The Research School of Information Sciences and Engineering (RSISE) was established on 1 January 1994. RSISE resulted from the merger of the Department of Systems Engineering (1981) and the Computer Sciences Laboratory (1988), both of which were part of the Research School of Physical Sciences and Engineering (RSPhysSE). The Faculty of Engineering and Information Technology (FEIT) was established in 1993, and the Research School joined in 2004 to form a single institute that would become ANU College of Engineering and Computer Science (CECS) on 1 January 2006. In October 2022, the college was renamed to ANU College of Engineering, Computing and Cybernetics.
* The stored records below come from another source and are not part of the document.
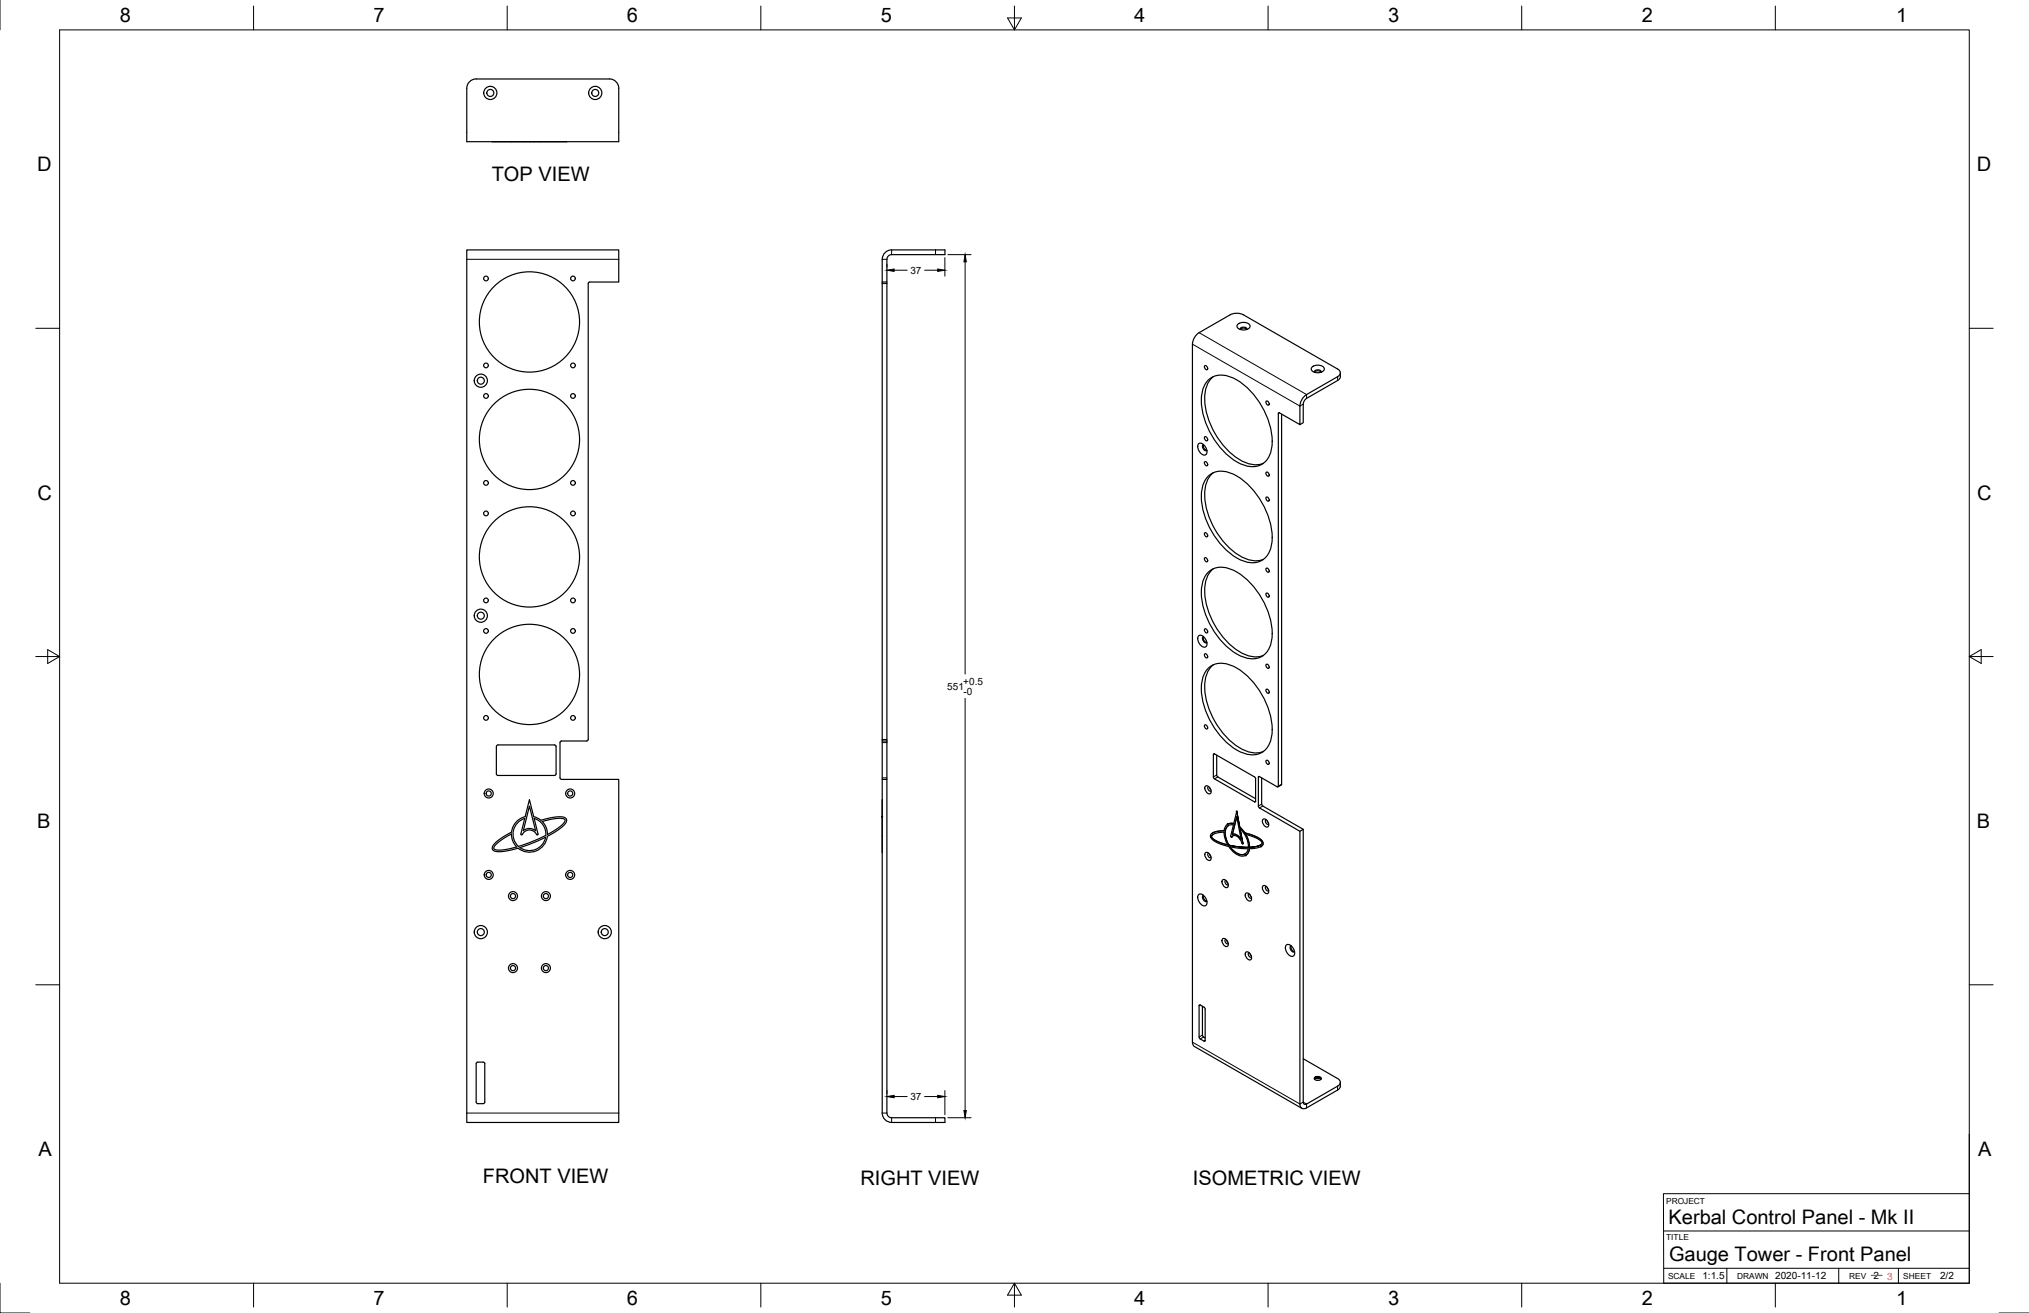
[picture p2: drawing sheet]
<svg xmlns="http://www.w3.org/2000/svg" width="864mm" height="559mm" viewBox="0 0 864 559" stroke-linecap="round" stroke-linejoin="round" font-family="sans-serif">
<!-- layer: Visible -->
<g fill="none" stroke="#000" stroke-width=".51">
<path d="M199.8 34.8l1.3-.9 1.6-.3h56.7a4 4 0 0 1 4 4v22.7h-64.7v-22.7l.3-1.6zM209.5 60.3h31.7M209.5 60.3h.1M241.2 60.3h.1M379.5 106.4h22.7v2h-22.7M379.5 106.3a4 4 0 0 0-4 4.1v9.6M379.5 108.4l-1 .2-.9 1.2-.1 10.2h-2M375.5 120v195.4h2M377.5 120v195.4M523.6 134a6.3 6.3 0 0 1 5.6 0l40.1 23.1a1.71 1.71 0 0 1 1.2 1.6 1.71 1.71 0 0 1-1.2 1.6M523.6 134l-13.2 7.6M526.8 138a3.8 3.8 0 0 1 5.2 .4 2.26 2.26 0 0 1-3 2l-1.7-.4a1.18 1.18 0 0 1-.5-2z"/>
<path d="M510.4 141.6a6.3 6.3 0 0 0-2.9 4.9v297l.2 1 .7 .9M512.8 155.6a1.03 1.03 0 0 1 1 .6 1.03 1.03 0 0 1-.2 1.2l-.9-1zM527.8 140.2a1.58 1.58 0 0 1 1.5-1 1.58 1.58 0 0 1 1.5 1 2.04 2.04 0 0 0-2.9 0M558.4 156.2a3.8 3.8 0 0 1 5.2 .4 2.26 2.26 0 0 1-3 2l-1.7-.4a1.18 1.18 0 0 1-.5-2zM559.4 158.4a1.58 1.58 0 0 1 1.5-1 1.58 1.58 0 0 1 1.5 1 2.04 2.04 0 0 0-2.9 0M570.5 158.7v1.6M513.9 162.2a8.8 8.8 0 0 1 11-1.3 32.4 32.4 0 0 1 16.5 28.7 8.6 8.6 0 0 1-9.1 9 23.9 23.9 0 0 1-15.6-11.7 29 29 0 0 1-5.1-19.8 10.4 10.4 0 0 1 2.3-4.9zM516.5 160.3a13.4 13.4 0 0 0-3.4 13.3 32.5 32.5 0 0 0 17 23.3 9.9 9.9 0 0 0 7.6 .3M539 170.7a1.03 1.03 0 0 1 1 .6 1.03 1.03 0 0 1-.2 1.2l-.9-1zM545.5 176.2v157.6M569.3 160.3l-13.2 7.6a6.3 6.3 0 0 0-2.8 4.9v7.9l-8.7-5-.5 .3v158.6l-.5 .2-7.9-4.3-.1 12.5 .5 .9M570.5 160.3l-.4 1-.8 .6-13.9 8.3-.7 1.8v7.9l-1.4 .8"/>
<path d="M510 189a2.26 2.26 0 0 1 3.3 1.6l.4 1.1a1.38 1.38 0 0 1-.5 1.9 1.38 1.38 0 0 1-1.9-.5 3.7 3.7 0 0 1-1.3-4.1zM512.8 185.9a1.03 1.03 0 0 1 1 .6 1.03 1.03 0 0 1-.2 1.1l-.9-.9zM512.8 196.5a1.03 1.03 0 0 1 1 .6 1.03 1.03 0 0 1-.2 1.2l-.9-1zM513.7 191.7a2 2 0 0 1-1.5-2.5 1.58 1.58 0 0 0-.1 1.8 1.58 1.58 0 0 0 1.6 .7M513.9 203.1a8.8 8.8 0 0 1 11-1.3 32.4 32.4 0 0 1 16.5 28.7 8.6 8.6 0 0 1-9.1 9 23.9 23.9 0 0 1-15.6-11.7 29 29 0 0 1-5.1-19.8 10.4 10.4 0 0 1 2.3-4.9zM516.5 201.1a13.4 13.4 0 0 0-3.4 13.3 32.5 32.5 0 0 0 17 23.3 9.9 9.9 0 0 0 7.6 .4M539 200.9a1.03 1.03 0 0 1 1 .6 1.03 1.03 0 0 1-.2 1.2l-.9-1zM539 211.5a1.03 1.03 0 0 1 1 .7 1.03 1.03 0 0 1-.2 1.1l-.9-.9zM512.8 226.7a1.03 1.03 0 0 1 1 .6 1.03 1.03 0 0 1-.2 1.2l-.9-1zM512.8 237.3a1.03 1.03 0 0 1 1 .7 1.03 1.03 0 0 1-.2 1.1l-.9-.9zM513.9 243.9a8.8 8.8 0 0 1 11-1.3 32.4 32.4 0 0 1 16.5 28.7 8.6 8.6 0 0 1-9.1 9.1 23.9 23.9 0 0 1-15.6-11.8 29 29 0 0 1-5.1-19.7 10.4 10.4 0 0 1 2.3-5zM516.5 242a13.4 13.4 0 0 0-3.4 13.3 32.5 32.5 0 0 0 17 23.3 9.9 9.9 0 0 0 7.6 .4"/>
<path d="M539 252.4a1.03 1.03 0 0 1 1 .6 1.03 1.03 0 0 1-.2 1.2l-.9-1zM539 241.8a1.03 1.03 0 0 1 1 .6 1.03 1.03 0 0 1-.2 1.2l-.9-1zM510 270.7a2.26 2.26 0 0 1 3.3 1.6l.4 1.2a1.38 1.38 0 0 1-.5 1.8 1.38 1.38 0 0 1-1.9-.4 3.7 3.7 0 0 1-1.3-4.2zM512 271l.2-.1a2.05 2.05 0 0 0 1.5 2.6 1.65 1.65 0 0 1-1.6-.7 1.65 1.65 0 0 1-.1-1.8zM512.8 267.6a1.03 1.03 0 0 1 1 .6 1.03 1.03 0 0 1-.2 1.2l-.9-1zM512.8 278.2a1.03 1.03 0 0 1 1 .7 1.03 1.03 0 0 1-.2 1.1l-.9-.9zM513.9 284.8a8.8 8.8 0 0 1 11-1.3 32.4 32.4 0 0 1 16.5 28.7 8.6 8.6 0 0 1-9.1 9 23.9 23.9 0 0 1-15.6-11.7 29 29 0 0 1-5.1-19.8 10.4 10.4 0 0 1 2.3-4.9zM516.5 282.9a13.4 13.4 0 0 0-3.4 13.3 32.5 32.5 0 0 0 17 23.3 9.9 9.9 0 0 0 7.6 .3M539 282.7a1.03 1.03 0 0 1 1 .6 1.03 1.03 0 0 1-.2 1.2l-.9-1zM539 293.3a1.03 1.03 0 0 1 1 .6 1.03 1.03 0 0 1-.2 1.2l-.9-1zM211.3 317.7v11.7M211.3 317.7l.6-.7 24.4 .1 .4 .6v11.7l-.7 .6h-24.1l-.6-.6"/>
<path d="M250.4 314.7l-.7 .7M250.4 314.7v-194l.6-.7h12.4v-13.6h-64.7v371.3h64.7v-146h-24.4l-.6-.7 .2-15.4 11.1-.2M375.5 315.4v158.3a4 4 0 0 0 4 4M377.5 315.4v16.3h-2M512.8 308.5a1.03 1.03 0 0 1 1 .6 1.03 1.03 0 0 1-.2 1.2l-.9-1zM377.5 331.7v142l.6 1.4 1.4 .6M513.1 334.6a2.04 2.04 0 0 1 2 1 2.04 2.04 0 0 1-.2 2.3 2.37 2.37 0 0 1-1.8-3.3zM514.4 334.8a1.11 1.11 0 0 0-.1 1.3 1.11 1.11 0 0 0 1.2 .5M514.8 335.2l.5 .8M517.9 321.4v8.4l.4 .9M518.3 330.7l16.1 9.2M534.4 331.5v9.5"/>
<path d="M534.4 331.5l-.4-.9-17.1-9.8-.4 .1-.1 9.8 .3 .6 17.3 10 .4-.3M537 331l.2 11.7 17.5 10.3-1.4 .8M539 323.6a1.03 1.03 0 0 1 1 .6 1.03 1.03 0 0 1-.2 1.1l-.9-.9zM545.5 333.8l-1.6 1.1M217.7 354.9a7.7 7.7 0 0 0 2.2 5.5l-6.6 1.4h-1.8l-1.3-.6 .3-1.1 1.4-1.5 5.8-3.7M222.7 353.5a4 4 0 0 1 5.3 0l-2.7-10.4-2.6 10.4M223.4 348.3l-1.7 6.7M223.4 348.3a7 7 0 0 0-2.7 11.9l6.6-2.4 5-2.3a7 7 0 0 0-5-7.2M223.5 347.6l1.8-7.3 1.9 7.3M227.2 347.6l1.6 .5a2.9 2.9 0 0 0 3.5 .4l3.2-.7 3.2-.2 1.7 .3 .8 1.1-.4 1.3-1.8 1.9-6 3.7a7.7 7.7 0 0 1-12.5 5.1l-3.8 .9-3.9 .6-2.3-.3-.9-.8 .2-1.5 1.6-1.8 6.3-4a7.7 7.7 0 0 1 5.8-6.5M227.4 348.3l1.6 6.6-.4 .4a3.6 3.6 0 0 0-3.2-2.1 3.6 3.6 0 0 0-3.3 2.1l-.4-.4M230.8 349.6l6.5-1.3 2.3 .1 .9 .6-.3 1-1.7 1.7-5.5 3.4a7.7 7.7 0 0 0-2.2-5.5z"/>
<path d="M232.2 356.3a7 7 0 0 1-10.9 4.4l4.8-1.7 6.1-2.7M375.5 347.6v15.1M375.5 347.6h.1M375.5 340.3v7.3M515.9 355.5l1.9-1 3.2-.4a11.4 11.4 0 0 0 1.5 5.5l-5.4-2-1.3-1.1zM516.4 355.1l-.7 .8 .6 1.1 2.5 1.4 3.7 1.2M521 353.5l-2.8 .3-1.8 .5-.9 .7-.3 .8 .3 .9 1.2 1.1 4.8 2.1a4.3 4.3 0 0 1 3.2 2.4 4.6 4.6 0 0 0 6 1.4l.7-1.1 .4-1.4M522.9 351.3a5.5 5.5 0 0 0-.6 7l.8 1.4M523.1 359.7l4.2 .7 4 .2-3.5-.1zM524.2 356.3h.1M524.2 356.2l-.4-.4 1.2-4.7a2.96 2.96 0 0 0-3.5 3.7l.4 2.4 1.2 2.5M524.3 356.2a2.07 2.07 0 0 1 3.4 .9l.9 1.8 .4-.1"/>
<path d="M524.3 356.2l-.1 .1M524.7 355.7l-.4 .5M525.1 350.5l-1.1-.1-1.4 .3M525.1 350.5a3.1 3.1 0 0 0-4.1 3l-3.1 .3-1.8 .7M526.4 347.6l-1.8 7.5M526.4 345.4l1.3 6.6zM526.4 347.6l1.8 9.6-1.5-1.7-1.1-.5-1 .1M526.4 345.4l-1.3 5.1M527.7 352l2.1 2.5M527.8 352.7l1.2 6.1-1.2-6.1M527.8 352.7a10.9 10.9 0 0 1 3.5 7.9M529 358.8l-.1 .2"/>
<path d="M536.1 343.9l17.2 9.9v116.1a1.74 1.74 0 0 0 .8 1.8 1.74 1.74 0 0 0 2-.2l13.2-7.6 1-.9 .2-.7M536.4 359.7l-2.2 .7-2.4 .2 4.1-.7 1.1-.7 .1-.6-.7-.9-1.3-.8-4.8-1.7a11 11 0 0 1 1.5 5.4M537.6 348.7a2.04 2.04 0 0 1 2 1 2.04 2.04 0 0 1-.1 2.3 2.37 2.37 0 0 1-1.9-3.3zM538.9 348.9a1.11 1.11 0 0 0-.1 1.3 1.11 1.11 0 0 0 1.2 .5M539.4 349.3l.4 .8M554.7 353v116a.87 .87 0 0 0 .4 .9 .87 .87 0 0 0 1 0l13.2-7.6a1.71 1.71 0 0 0 1.2-1.7 1.71 1.71 0 0 0-1.2-1.6l-14.6-8.4M375.5 362.7h.1M513.1 362.9a2.04 2.04 0 0 1 2 1 2.04 2.04 0 0 1-.2 2.3 2.37 2.37 0 0 1-1.8-3.3zM514.4 363.1a1.11 1.11 0 0 0-.1 1.3 1.11 1.11 0 0 0 1.2 .5M514.8 363.5l.5 .8M520.4 374.5a2.04 2.04 0 0 1 2 1 2.04 2.04 0 0 1-.1 2.3 2.37 2.37 0 0 1-1.9-3.3zM521.7 374.7a1.11 1.11 0 0 0-.1 1.3 1.11 1.11 0 0 0 1.2 .5"/>
<path d="M522.1 375.1l.5 .8M523.5 360.4l7.8 .8a2.91 2.91 0 0 1-4.9 1.9zM523.5 360.4a5.7 5.7 0 0 0 6.4 3M531.8 361.2l-.5 1.7-1.1 1.1M536.7 360.3l.6-.5 .3-.9-1-1.7-2.7-1.4-4.1-1.3 5.3 1.8 1.4 .9 1 1.2v1.2l-1.2 .8-1.6 .5-2.9 .3M537.6 377a2.04 2.04 0 0 1 2 1 2.04 2.04 0 0 1-.1 2.3 2.37 2.37 0 0 1-1.9-3.3zM538.9 377.2a1.11 1.11 0 0 0-.1 1.3 1.11 1.11 0 0 0 1.2 .6M539.4 377.6l.4 .9M510 380.9a2.26 2.26 0 0 1 3.3 1.6l.4 1.1a1.38 1.38 0 0 1-.5 1.8 1.38 1.38 0 0 1-1.9-.4 3.7 3.7 0 0 1-1.3-4.1zM513.7 383.5a2 2 0 0 1-1.5-2.5 1.58 1.58 0 0 0-.1 1.8 1.58 1.58 0 0 0 1.6 .8M520.4 399.6a2.04 2.04 0 0 1 2 1 2.04 2.04 0 0 1-.1 2.2 2.37 2.37 0 0 1-1.9-3.2zM521.7 399.7a1.11 1.11 0 0 0-.1 1.3 1.11 1.11 0 0 0 1.2 .6"/>
<path d="M530.3 380.2a2.04 2.04 0 0 1 2 1 2.04 2.04 0 0 1-.1 2.3 2.37 2.37 0 0 1-1.9-3.3zM531.6 380.4a1.11 1.11 0 0 0-.1 1.3 1.11 1.11 0 0 0 1.2 .5M532.1 380.8l.4 .8M522.1 400.2l.5 .8M530.3 405.3a2.04 2.04 0 0 1 2 1 2.04 2.04 0 0 1-.1 2.2 2.37 2.37 0 0 1-1.9-3.2zM531.6 405.4a1.11 1.11 0 0 0-.1 1.3 1.11 1.11 0 0 0 1.2 .6M532.1 405.9l.4 .8M547.4 402.3a2.26 2.26 0 0 1 3.2 1.6l.4 1.2a1.38 1.38 0 0 1-.5 1.8 1.38 1.38 0 0 1-1.9-.4 3.7 3.7 0 0 1-1.2-4.2zM549.5 402.5a1.58 1.58 0 0 0-.1 1.8 1.58 1.58 0 0 0 1.6 .7M549.6 402.5a1.97 1.97 0 0 0 1.4 2.5M511.8 428.3v12.2l.3 .7 .9 .5M512.5 428.7l.5 .8v13.3l-.3 .4-1.9-1-.4-.9v-13.6l2.1 1"/>
<path d="M202.7 452.7v16.3l.4 .6 2.6 .1 .7-.7-.1-16.3M202.7 452.7l.7-.7 2.5 .1 .5 .6M508.4 445.4l45.7 26.3M559.4 459.2a1.93 1.93 0 0 1 2.9 0M559.5 459.2l1.4-.2 1.4 .2M559.5 458.6a1.75 1.75 0 0 1 2.9 .5 1.69 1.69 0 0 1-3-.3zM379.5 475.7h22.7v2h-22.7M570.5 460.7v1.6"/>
<circle cx="208.7" cy="39.6" r="1.49"/>
<circle cx="208.7" cy="39.6" r="2.8"/>
<circle cx="253.4" cy="39.6" r="1.49"/>
<circle cx="253.4" cy="39.6" r="2.8"/>
<circle cx="206.9" cy="118.5" r="1.01"/>
<circle cx="243.9" cy="118.5" r="1.01"/>
<circle cx="225.3" cy="137" r="21.3"/>
<circle cx="206.9" cy="155.5" r="1.01"/>
<circle cx="243.9" cy="155.5" r="1.01"/>
<circle cx="204.7" cy="162" r="1.49"/>
<circle cx="204.7" cy="162" r="2.8"/>
<circle cx="206.9" cy="168.5" r="1.01"/>
<circle cx="243.9" cy="168.5" r="1.01"/>
<circle cx="225.3" cy="187" r="21.3"/>
<circle cx="206.9" cy="218.5" r="1.01"/>
<circle cx="206.9" cy="205.5" r="1.01"/>
<circle cx="243.9" cy="218.5" r="1.01"/>
<circle cx="243.9" cy="205.5" r="1.01"/>
<circle cx="225.3" cy="237" r="21.3"/>
<circle cx="206.9" cy="255.5" r="1.01"/>
<circle cx="243.9" cy="255.5" r="1.01"/>
<circle cx="204.7" cy="262" r="1.49"/>
<circle cx="204.7" cy="262" r="2.8"/>
<circle cx="206.9" cy="268.5" r="1.01"/>
<circle cx="243.9" cy="268.5" r="1.01"/>
<circle cx="225.3" cy="287" r="21.3"/>
<circle cx="206.9" cy="305.5" r="1.01"/>
<circle cx="243.9" cy="305.5" r="1.01"/>
<circle cx="208" cy="337.7" r="1.09"/>
<circle cx="208" cy="337.7" r="1.92"/>
<circle cx="242.7" cy="337.7" r="1.09"/>
<circle cx="242.7" cy="337.7" r="1.92"/>
<circle cx="208" cy="372.4" r="1.09"/>
<circle cx="208" cy="372.4" r="1.92"/>
<circle cx="242.7" cy="372.4" r="1.09"/>
<circle cx="242.7" cy="372.4" r="1.92"/>
<circle cx="204.7" cy="396.7" r="1.49"/>
<circle cx="204.7" cy="396.7" r="2.8"/>
<circle cx="218.3" cy="381.4" r="1.09"/>
<circle cx="218.3" cy="381.4" r="1.92"/>
<circle cx="232.4" cy="381.4" r="1.09"/>
<circle cx="232.4" cy="381.4" r="1.92"/>
<circle cx="257.4" cy="396.7" r="1.49"/>
<circle cx="257.4" cy="396.7" r="2.8"/>
<circle cx="218.3" cy="412" r="1.09"/>
<circle cx="218.3" cy="412" r="1.92"/>
<circle cx="232.4" cy="412" r="1.09"/>
<circle cx="232.4" cy="412" r="1.92"/>
</g>
<!-- layer: Visible Narrow -->
<g fill="none" stroke="#000" stroke-width=".43">
<path d="M198.7 110.4h64.7M375.5 110.4h2M379.5 106.4v2M398.2 106.4v2M375.5 120.7h2M507.5 146.5l45.8 26.3 1.4-.8M510.4 141.6l45.7 26.3v1.6M544.6 175.7l-.5 .3M569.3 160.3v1.6M375.5 314.7h2M375.5 316h2M375.5 331h2"/>
<path d="M516.9 320.8l-.5 .3M517.9 329.8l-1.5 .9M518.3 330.7l-1.4 .8M536.1 330.5l-.5 .3M545.5 333.8l-1.4 .8M534.4 341l-.4 .3M537 342.2l-1.4 .8M537.5 343l-1.4 .9M510.8 427.7l-.4 .3M507.5 443.5l45.8 26.4 1.4-.8 1.4 .8v1.6M511.8 440.5l-1.4 .8M512.3 441.3l-1.5 .9"/>
<path d="M513 442.8l-.5 .3M198.7 473.7h64.7M375.5 473.7h2M379.5 475.7v2M398.2 475.7v2M569.3 462.3v1.6"/>
</g>
<!-- layer: Visible -->
<g fill="#000" stroke="#000" stroke-width=".43">
<circle cx="375.5" cy="347.6" r=".24"/>
<circle cx="522.6" cy="350.7" r=".24"/>
<circle cx="523.1" cy="359.7" r=".24"/>
<circle cx="526.4" cy="345.4" r=".24"/>
<circle cx="528.9" cy="359" r=".24"/>
<circle cx="529.8" cy="354.5" r=".24"/>
<circle cx="530.2" cy="364" r=".24"/>
<circle cx="531.8" cy="360.6" r=".24"/>
<circle cx="536.7" cy="360.3" r=".24"/>
</g>
<!-- layer: Visible Narrow -->
<g fill="#000" stroke="#000" stroke-width=".43">
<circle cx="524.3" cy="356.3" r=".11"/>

In 2025, the college became the College of Systems & Society (CSS) realigning with three other ANU academic units: Australian National Centre for the Public Awareness of Science, Fenner School of Environment & Society, and Mathematical Sciences Institute.

==Student life==
The ANU Computer Science Students Association (ANU CSSA) caters to the needs of IT, Computer Science and Software Engineering (CSIT) students. The organisation had existed since at least 1995, and was relaunched in 2011 and was allocated with a common room located in the Computer Science & Information Technology Building at ANU.

The ANU Engineering Students Association (ANU ESA) caters to the needs of Engineering students.